Indefinite Integral Using Substitution

Question

can someone please help?

I need to evaluate this indefinite integral:

$$\int \frac{x}{\sqrt{x^2+2}}dx$$ I tried using substitution for letting u = x, but I can't get past finding the antiderivative after that.

Thank you!

Answer 1

For this you want to set $u = x^2+2$ which means $du=2x*dx$. We see an $x$ in the integrand which is good but we don't see a $2$. We can make up for this by saying.

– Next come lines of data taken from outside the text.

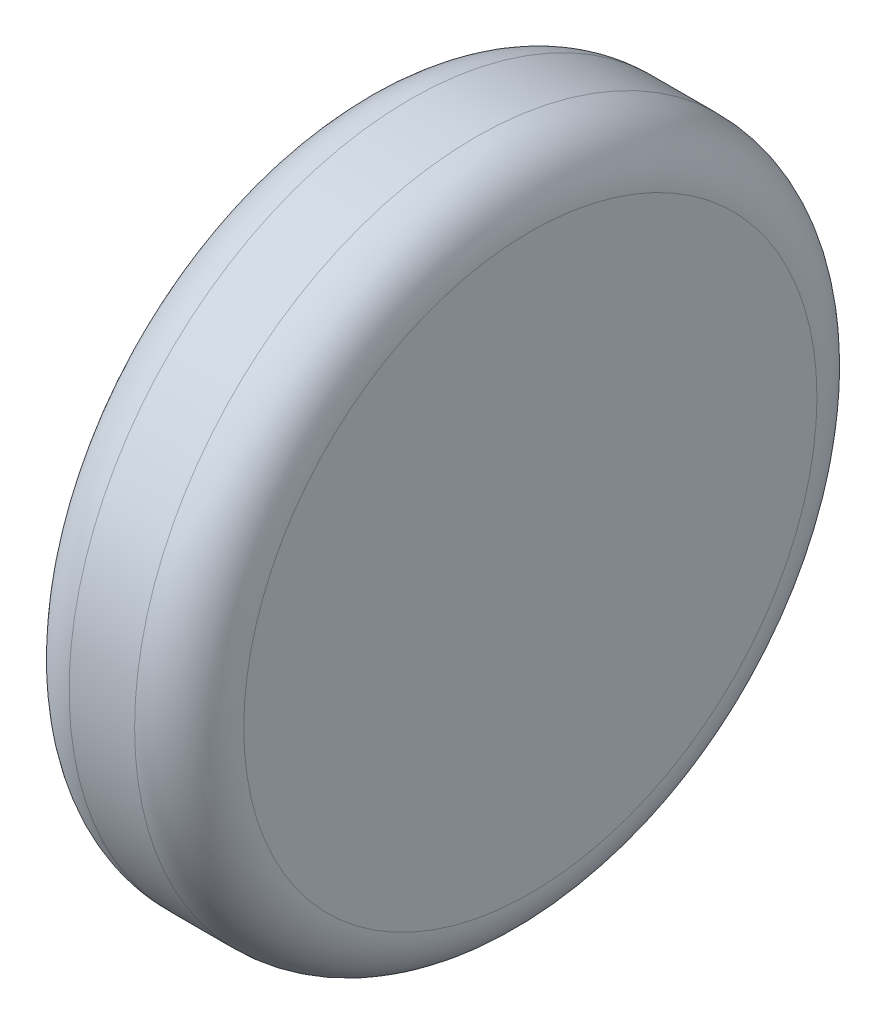
ISO-10303-21;
HEADER;
FILE_DESCRIPTION(('STEP AP214'),'2;1');
FILE_NAME('part.step','',(''),(''),'','','');
FILE_SCHEMA(('AUTOMOTIVE_DESIGN { 1 0 10303 214 1 1 1 1 }'));
ENDSEC;
DATA;
#1=APPLICATION_CONTEXT('core data for automotive mechanical design processes');
#2=APPLICATION_PROTOCOL_DEFINITION('international standard','automotive_design',2000,#1);
#3=PRODUCT_CONTEXT('',#1,'mechanical');
#4=PRODUCT('Part','Part','',(#3));
#5=PRODUCT_RELATED_PRODUCT_CATEGORY('part','',(#4));
#6=PRODUCT_DEFINITION_FORMATION('','',#4);
#7=PRODUCT_DEFINITION_CONTEXT('part definition',#1,'design');
#8=PRODUCT_DEFINITION('design','',#6,#7);
#9=PRODUCT_DEFINITION_SHAPE('','',#8);
#10=(LENGTH_UNIT() NAMED_UNIT(*) SI_UNIT(.MILLI.,.METRE.));
#11=(NAMED_UNIT(*) PLANE_ANGLE_UNIT() SI_UNIT($,.RADIAN.));
#12=(NAMED_UNIT(*) SI_UNIT($,.STERADIAN.) SOLID_ANGLE_UNIT());
#13=UNCERTAINTY_MEASURE_WITH_UNIT(LENGTH_MEASURE(1.E-05),#10,'distance_accuracy_value','');
#14=(GEOMETRIC_REPRESENTATION_CONTEXT(3) GLOBAL_UNCERTAINTY_ASSIGNED_CONTEXT((#13)) GLOBAL_UNIT_ASSIGNED_CONTEXT((#10,
#11,#12)) REPRESENTATION_CONTEXT('',''));
#15=CARTESIAN_POINT('',(0.,0.,0.));
#16=DIRECTION('',(0.,0.,1.));
#17=DIRECTION('',(1.,0.,0.));
#18=AXIS2_PLACEMENT_3D('',#15,#16,#17);
#19=CARTESIAN_POINT('',(-0.390364285309383,-0.332340218761648,0.1012));
#20=DIRECTION('',(1.,0.,0.));
#21=DIRECTION('',(0.,1.,0.));
#22=AXIS2_PLACEMENT_3D('',#19,#20,#21);
#23=PLANE('',#22);
#24=CARTESIAN_POINT('',(-0.390364285309383,-0.332340218761648,0.1012));
#25=DIRECTION('',(1.,0.,0.));
#26=DIRECTION('',(0.,0.,-1.));
#27=AXIS2_PLACEMENT_3D('',#24,#25,#26);
#28=CIRCLE('',#27,0.0262499999999999);
#29=CARTESIAN_POINT('',(-0.390364285309383,-0.332340218761648,0.0749500000000001));
#30=VERTEX_POINT('',#29);
#31=CARTESIAN_POINT('',(-0.390364285309383,-0.306090218761648,0.1012));
#32=VERTEX_POINT('',#31);
#33=EDGE_CURVE('E55',#30,#32,#28,.T.);
#34=ORIENTED_EDGE('',*,*,#33,.F.);
#35=CARTESIAN_POINT('',(-0.390364285309383,-0.332340218761648,0.1012));
#36=DIRECTION('',(1.,0.,0.));
#37=DIRECTION('',(0.,0.,1.));
#38=AXIS2_PLACEMENT_3D('',#35,#36,#37);
#39=CIRCLE('',#38,0.02625);
#40=CARTESIAN_POINT('',(-0.390364285309383,-0.332340218761648,0.12745));
#41=VERTEX_POINT('',#40);
#42=EDGE_CURVE('E49',#41,#30,#39,.T.);
#43=ORIENTED_EDGE('',*,*,#42,.F.);
#44=CARTESIAN_POINT('',(-0.390364285309383,-0.332340218761648,0.1012));
#45=DIRECTION('',(1.,0.,0.));
#46=DIRECTION('',(0.,1.,0.));
#47=AXIS2_PLACEMENT_3D('',#44,#45,#46);
#48=CIRCLE('',#47,0.02625);
#49=EDGE_CURVE('E53',#32,#41,#48,.T.);
#50=ORIENTED_EDGE('',*,*,#49,.F.);
#51=EDGE_LOOP('',(#34,#43,#50));
#52=FACE_BOUND('',#51,.T.);
#53=ADVANCED_FACE('F17',(#52),#23,.F.);
#54=CARTESIAN_POINT('',(-0.385364285309383,-0.332340218761648,0.1012));
#55=DIRECTION('',(1.,0.,0.));
#56=DIRECTION('',(0.,0.,1.));
#57=AXIS2_PLACEMENT_3D('',#54,#55,#56);
#58=TOROIDAL_SURFACE('',#57,0.02625,0.005);
#59=CARTESIAN_POINT('',(-0.385364285309383,-0.332340218761648,0.1012));
#60=DIRECTION('',(1.,0.,0.));
#61=DIRECTION('',(0.,1.,0.));
#62=AXIS2_PLACEMENT_3D('',#59,#60,#61);
#63=CIRCLE('',#62,0.03125);
#64=CARTESIAN_POINT('',(-0.385364285309383,-0.301090218761648,0.1012));
#65=VERTEX_POINT('',#64);
#66=EDGE_CURVE('E62',#65,#65,#63,.T.);
#67=ORIENTED_EDGE('',*,*,#66,.F.);
#68=EDGE_LOOP('',(#67));
#69=FACE_BOUND('',#68,.T.);
#70=ORIENTED_EDGE('',*,*,#33,.T.);
#71=ORIENTED_EDGE('',*,*,#49,.T.);
#72=ORIENTED_EDGE('',*,*,#42,.T.);
#73=EDGE_LOOP('',(#70,#71,#72));
#74=FACE_BOUND('',#73,.T.);
#75=ADVANCED_FACE('F60',(#69,#74),#58,.T.);
#76=CARTESIAN_POINT('',(-0.374364285309383,-0.332340218761648,0.1012));
#77=DIRECTION('',(1.,0.,0.));
#78=DIRECTION('',(0.,1.,0.));
#79=AXIS2_PLACEMENT_3D('',#76,#77,#78);
#80=CYLINDRICAL_SURFACE('',#79,0.03125);
#81=CARTESIAN_POINT('',(-0.379364285309383,-0.332340218761648,0.1012));
#82=DIRECTION('',(1.,0.,0.));
#83=DIRECTION('',(0.,0.,1.));
#84=AXIS2_PLACEMENT_3D('',#81,#82,#83);
#85=CIRCLE('',#84,0.03125);
#86=CARTESIAN_POINT('',(-0.379364285309383,-0.332340218761648,0.13245));
#87=VERTEX_POINT('',#86);
#88=EDGE_CURVE('E86',#87,#87,#85,.T.);
#89=ORIENTED_EDGE('',*,*,#88,.F.);
#90=EDGE_LOOP('',(#89));
#91=FACE_BOUND('',#90,.T.);
#92=ORIENTED_EDGE('',*,*,#66,.T.);
#93=EDGE_LOOP('',(#92));
#94=FACE_BOUND('',#93,.T.);
#95=ADVANCED_FACE('F79',(#91,#94),#80,.T.);
#96=CARTESIAN_POINT('',(-0.379364285309383,-0.332340218761648,0.1012));
#97=DIRECTION('',(1.,0.,0.));
#98=DIRECTION('',(0.,0.,1.));
#99=AXIS2_PLACEMENT_3D('',#96,#97,#98);
#100=TOROIDAL_SURFACE('',#99,0.02625,0.005);
#101=ORIENTED_EDGE('',*,*,#88,.T.);
#102=EDGE_LOOP('',(#101));
#103=FACE_BOUND('',#102,.T.);
#104=CARTESIAN_POINT('',(-0.374364285309383,-0.332340218761648,0.1012));
#105=DIRECTION('',(-1.,0.,0.));
#106=DIRECTION('',(0.,0.,-1.));
#107=AXIS2_PLACEMENT_3D('',#104,#105,#106);
#108=CIRCLE('',#107,0.0262499999999999);
#109=CARTESIAN_POINT('',(-0.374364285309383,-0.332340218761648,0.12745));
#110=VERTEX_POINT('',#109);
#111=CARTESIAN_POINT('',(-0.374364285309383,-0.332340218761648,0.0749500000000001));
#112=VERTEX_POINT('',#111);
#113=EDGE_CURVE('E11',#110,#112,#108,.F.);
#114=ORIENTED_EDGE('',*,*,#113,.F.);
#115=CARTESIAN_POINT('',(-0.374364285309383,-0.332340218761648,0.1012));
#116=DIRECTION('',(-1.,0.,0.));
#117=DIRECTION('',(0.,0.,1.));
#118=AXIS2_PLACEMENT_3D('',#115,#116,#117);
#119=CIRCLE('',#118,0.02625);
#120=CARTESIAN_POINT('',(-0.374364285309383,-0.306090218761648,0.1012));
#121=VERTEX_POINT('',#120);
#122=EDGE_CURVE('E28',#121,#110,#119,.F.);
#123=ORIENTED_EDGE('',*,*,#122,.F.);
#124=CARTESIAN_POINT('',(-0.374364285309383,-0.332340218761648,0.1012));
#125=DIRECTION('',(-1.,0.,0.));
#126=DIRECTION('',(0.,1.,0.));
#127=AXIS2_PLACEMENT_3D('',#124,#125,#126);
#128=CIRCLE('',#127,0.02625);
#129=EDGE_CURVE('E92',#112,#121,#128,.F.);
#130=ORIENTED_EDGE('',*,*,#129,.F.);
#131=EDGE_LOOP('',(#114,#123,#130));
#132=FACE_BOUND('',#131,.T.);
#133=ADVANCED_FACE('F117',(#103,#132),#100,.T.);
#134=CARTESIAN_POINT('',(-0.374364285309383,-0.332340218761648,0.1012));
#135=DIRECTION('',(1.,0.,0.));
#136=DIRECTION('',(0.,1.,0.));
#137=AXIS2_PLACEMENT_3D('',#134,#135,#136);
#138=PLANE('',#137);
#139=ORIENTED_EDGE('',*,*,#122,.T.);
#140=ORIENTED_EDGE('',*,*,#113,.T.);
#141=ORIENTED_EDGE('',*,*,#129,.T.);
#142=EDGE_LOOP('',(#139,#140,#141));
#143=FACE_BOUND('',#142,.T.);
#144=ADVANCED_FACE('F99',(#143),#138,.T.);
#145=CLOSED_SHELL('',(#53,#75,#95,#133,#144));
#146=MANIFOLD_SOLID_BREP('B1',#145);
#147=ADVANCED_BREP_SHAPE_REPRESENTATION('',(#18,#146),#14);
#148=SHAPE_DEFINITION_REPRESENTATION(#9,#147);
ENDSEC;
END-ISO-10303-21;

$$\int{\frac{x}{\sqrt{x^2+2}}} = \frac{1}{2}\int{\frac{2x}{\sqrt{x^2+2}}}$$

And now we can use our $u$ substitution to get.

$$\int{\frac{x}{\sqrt{x^2+2}}}=\frac{1}{2}\int{\frac{1}{\sqrt{u}}du}=\frac{1}{2}\frac{\sqrt{u}}{\frac{1}{2}}+C=\sqrt{u}+C$$

Substituting $x^2+2$ back in for $u$ we find that.

$$\int{\frac{x}{\sqrt{x^2+2}}}=\sqrt{x^2+2}+C$$

Answer 2

write the integral inthe form $$\frac{1}{2}\int\frac{2x}{\sqrt{x^2+2}}dx$$ and set $$x^2+2=t$$

Answer 3

Letting $u=x$ doesn't accomplish anything. Try letting $u=x^2+2$.